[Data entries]
_ _ _ _ _ _ _

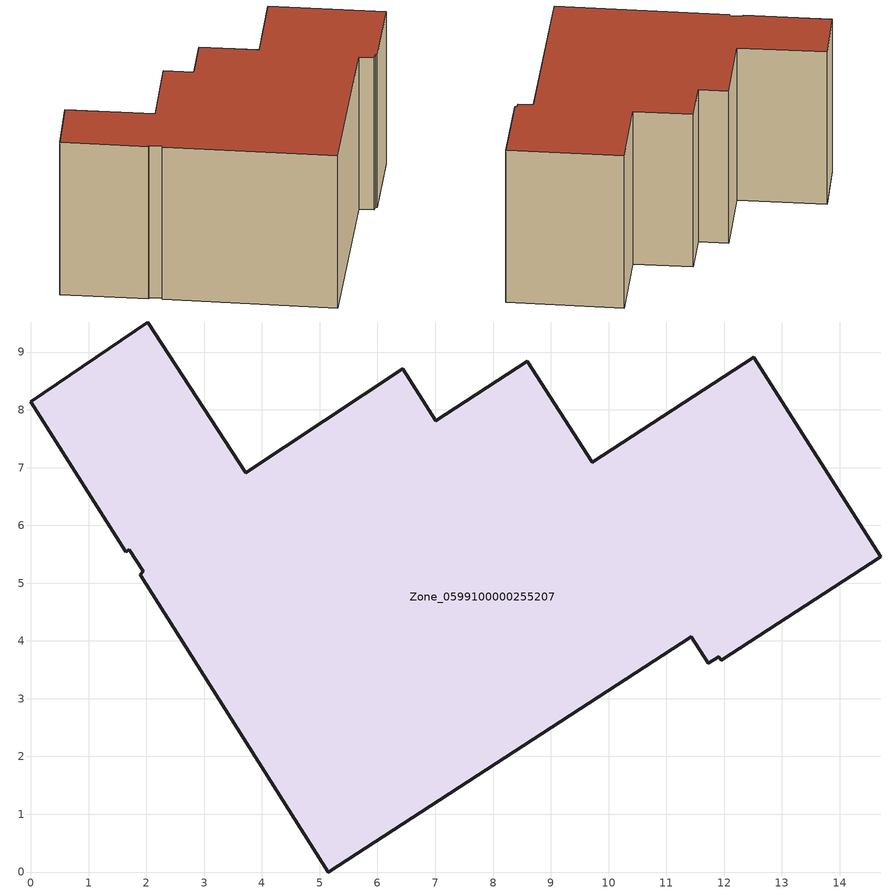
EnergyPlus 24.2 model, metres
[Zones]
Zone_0599100000255207
 floor ground (C_G): 11.43,4.07 5.15,0 1.89,5.15 1.95,5.21 1.7,5.58 1.65,5.54 0,8.14 2.02,9.52 3.72,6.91 6.44,8.71 7.01,7.81 8.59,8.84 9.72,7.09 12.51,8.91 14.71,5.46 11.95,3.67 11.91,3.73 11.73,3.61 z0
 wall outside (C_F): 5.15,0 11.43,4.07 11.73,3.61 11.91,3.73 11.95,3.67 14.71,5.46 12.51,8.91 9.72,7.09 8.59,8.84 7.01,7.81 6.44,8.71 3.72,6.91 2.02,9.52 0,8.14 1.65,5.54 1.7,5.58 1.95,5.21 1.89,5.15 5.15,0 z0:5.89
 roof outside (C_R): 1.7,5.58 1.95,5.21 1.89,5.15 5.15,0 11.43,4.07 11.73,3.61 11.91,3.73 11.95,3.67 14.71,5.46 12.51,8.91 9.72,7.09 8.59,8.84 7.01,7.81 6.44,8.71 3.72,6.91 2.02,9.52 0,8.14 1.65,5.54 z5.89
[BUILDING]
Pand.0599100000255207: North Axis=0; Terrain=City; Loads Convergence Tolerance Value=0.04; Temperature Convergence Tolerance Value=0.4; Solar Distribution=FullExterior; Maximum Number of Warmup Days=25; Minimum Number of Warmup Days=1
[Site:Location]
Rotterdam.The.Hague.AP_ZH_NLD Design_Conditions: Latitude=51.96; Longitude=4.45; Time Zone=1; Elevation=-4.5
[SITE:GROUNDTEMPERATURE:BUILDINGSURFACE]
18, 18, 18, 18, 18, 18, 18, 18, 18, 18, 18, 18
[MATERIAL] Thermal Absorptance=0.9; Solar Absorptance=0.7; Visible Absorptance=0.7
Name | Roughness | Thickness | Conductivity | Density | Specific Heat
G.D.1965 | MediumSmooth | 0.15 | 1 | 540 | 1210
F.D.1965 | Rough | 0.3 | 0.857143 | 1920 | 840
R.D.1965 | MediumRough | 0.2 | 0.08 | 1500 | 1000
[CONSTRUCTION]
C_G: G.D.1965
C_F: F.D.1965
C_R: R.D.1965
[ZONE]
Zone_0599100000255207: Type=1; Multiplier=1; Ceiling Height=Autocalculate; Volume=Autocalculate; Floor Area=autocalculate; Part of Total Floor Area=Yes
[ZONEINFILTRATION:DESIGNFLOWRATE]
Infil_Zone_0599100000255207: Zone or ZoneList or Space or SpaceList=Zone_0599100000255207; Schedule=AlwaysOn; Design Flow Rate Calculation Method=Flow/Area; Flow Rate per Floor Area=0.0042; Constant Term Coefficient=1; Temperature Term Coefficient=0; Velocity Term Coefficient=0; Velocity Squared Term Coefficient=0
[HVACTEMPLATE:ZONE:IDEALLOADSAIRSYSTEM]
Zone_0599100000255207: Maximum Heating Supply Air Temperature=50; Minimum Cooling Supply Air Temperature=13; Maximum Heating Supply Air Humidity Ratio=0.0156; Minimum Cooling Supply Air Humidity Ratio=0.0077; Heating Limit=NoLimit; Cooling Limit=NoLimit; Dehumidification Control Type=ConstantSensibleHeatRatio; Cooling Sensible Heat Ratio=0.7; Dehumidification Setpoint=60; Humidification Control Type=None; Humidification Setpoint=30; Outdoor Air Method=None; Outdoor Air Flow Rate per Person=0.00944; Outdoor Air Flow Rate per Zone Floor Area=0; Outdoor Air Flow Rate per Zone=0; Demand Controlled Ventilation Type=None; Outdoor Air Economizer Type=NoEconomizer; Heat Recovery Type=None; Sensible Heat Recovery Effectiveness=0.7; Latent Heat Recovery Effectiveness=0.65
[ZONECONTROL:THERMOSTAT]
ThermostatControl_Zone_0599100000255207: Zone or ZoneList=Zone_0599100000255207; Control Type Schedule=DualSetpointControlType; Control 1=Thermostat_Zone_0599100000255207; Temperature Difference Between Cutout And Setpoint=0
[THERMOSTATSETPOINT:DUALSETPOINT]
Thermostat_Zone_0599100000255207: Heating Setpoint Temperature Schedule=HeatingSetpoint_Zone_0599100000255207; Cooling Setpoint Temperature Schedule=CoolingSetpoint_Zone_0599100000255207
[SCHEDULE:COMPACT]
HeatingSetpoint_Zone_0599100000255207: Through: 12/31, For: AllDays, Until: 24:00, 21
CoolingSetpoint_Zone_0599100000255207: Through: 12/31, For: AllDays, Until: 24:00, 24
DualSetpointControlType: Through: 12/31, For: AllDays, Until: 24:00, 4
AlwaysOn: Through: 12/31, For: AllDays, Until: 24:00, 1

_ _ _ _ _ _ _

**Activity:**
A faithful, word-for-word copy of the data is needed; the pictures should not appear in it.

**Your response:**
EnergyPlus 24.2 model, metres
[Zones]
Zone_0599100000255207
 floor ground (C_G): 11.43,4.07 5.15,0 1.89,5.15 1.95,5.21 1.7,5.58 1.65,5.54 0,8.14 2.02,9.52 3.72,6.91 6.44,8.71 7.01,7.81 8.59,8.84 9.72,7.09 12.51,8.91 14.71,5.46 11.95,3.67 11.91,3.73 11.73,3.61 z0
 wall outside (C_F): 5.15,0 11.43,4.07 11.73,3.61 11.91,3.73 11.95,3.67 14.71,5.46 12.51,8.91 9.72,7.09 8.59,8.84 7.01,7.81 6.44,8.71 3.72,6.91 2.02,9.52 0,8.14 1.65,5.54 1.7,5.58 1.95,5.21 1.89,5.15 5.15,0 z0:5.89
 roof outside (C_R): 1.7,5.58 1.95,5.21 1.89,5.15 5.15,0 11.43,4.07 11.73,3.61 11.91,3.73 11.95,3.67 14.71,5.46 12.51,8.91 9.72,7.09 8.59,8.84 7.01,7.81 6.44,8.71 3.72,6.91 2.02,9.52 0,8.14 1.65,5.54 z5.89
[BUILDING]
Pand.0599100000255207: North Axis=0; Terrain=City; Loads Convergence Tolerance Value=0.04; Temperature Convergence Tolerance Value=0.4; Solar Distribution=FullExterior; Maximum Number of Warmup Days=25; Minimum Number of Warmup Days=1
[Site:Location]
Rotterdam.The.Hague.AP_ZH_NLD Design_Conditions: Latitude=51.96; Longitude=4.45; Time Zone=1; Elevation=-4.5
[SITE:GROUNDTEMPERATURE:BUILDINGSURFACE]
18, 18, 18, 18, 18, 18, 18, 18, 18, 18, 18, 18
[MATERIAL] Thermal Absorptance=0.9; Solar Absorptance=0.7; Visible Absorptance=0.7
Name | Roughness | Thickness | Conductivity | Density | Specific Heat
G.D.1965 | MediumSmooth | 0.15 | 1 | 540 | 1210
F.D.1965 | Rough | 0.3 | 0.857143 | 1920 | 840
R.D.1965 | MediumRough | 0.2 | 0.08 | 1500 | 1000
[CONSTRUCTION]
C_G: G.D.1965
C_F: F.D.1965
C_R: R.D.1965
[ZONE]
Zone_0599100000255207: Type=1; Multiplier=1; Ceiling Height=Autocalculate; Volume=Autocalculate; Floor Area=autocalculate; Part of Total Floor Area=Yes
[ZONEINFILTRATION:DESIGNFLOWRATE]
Infil_Zone_0599100000255207: Zone or ZoneList or Space or SpaceList=Zone_0599100000255207; Schedule=AlwaysOn; Design Flow Rate Calculation Method=Flow/Area; Flow Rate per Floor Area=0.0042; Constant Term Coefficient=1; Temperature Term Coefficient=0; Velocity Term Coefficient=0; Velocity Squared Term Coefficient=0
[HVACTEMPLATE:ZONE:IDEALLOADSAIRSYSTEM]
Zone_0599100000255207: Maximum Heating Supply Air Temperature=50; Minimum Cooling Supply Air Temperature=13; Maximum Heating Supply Air Humidity Ratio=0.0156; Minimum Cooling Supply Air Humidity Ratio=0.0077; Heating Limit=NoLimit; Cooling Limit=NoLimit; Dehumidification Control Type=ConstantSensibleHeatRatio; Cooling Sensible Heat Ratio=0.7; Dehumidification Setpoint=60; Humidification Control Type=None; Humidification Setpoint=30; Outdoor Air Method=None; Outdoor Air Flow Rate per Person=0.00944; Outdoor Air Flow Rate per Zone Floor Area=0; Outdoor Air Flow Rate per Zone=0; Demand Controlled Ventilation Type=None; Outdoor Air Economizer Type=NoEconomizer; Heat Recovery Type=None; Sensible Heat Recovery Effectiveness=0.7; Latent Heat Recovery Effectiveness=0.65
[ZONECONTROL:THERMOSTAT]
ThermostatControl_Zone_0599100000255207: Zone or ZoneList=Zone_0599100000255207; Control Type Schedule=DualSetpointControlType; Control 1=Thermostat_Zone_0599100000255207; Temperature Difference Between Cutout And Setpoint=0
[THERMOSTATSETPOINT:DUALSETPOINT]
Thermostat_Zone_0599100000255207: Heating Setpoint Temperature Schedule=HeatingSetpoint_Zone_0599100000255207; Cooling Setpoint Temperature Schedule=CoolingSetpoint_Zone_0599100000255207
[SCHEDULE:COMPACT]
HeatingSetpoint_Zone_0599100000255207: Through: 12/31, For: AllDays, Until: 24:00, 21
CoolingSetpoint_Zone_0599100000255207: Through: 12/31, For: AllDays, Until: 24:00, 24
DualSetpointControlType: Through: 12/31, For: AllDays, Until: 24:00, 4
AlwaysOn: Through: 12/31, For: AllDays, Until: 24:00, 1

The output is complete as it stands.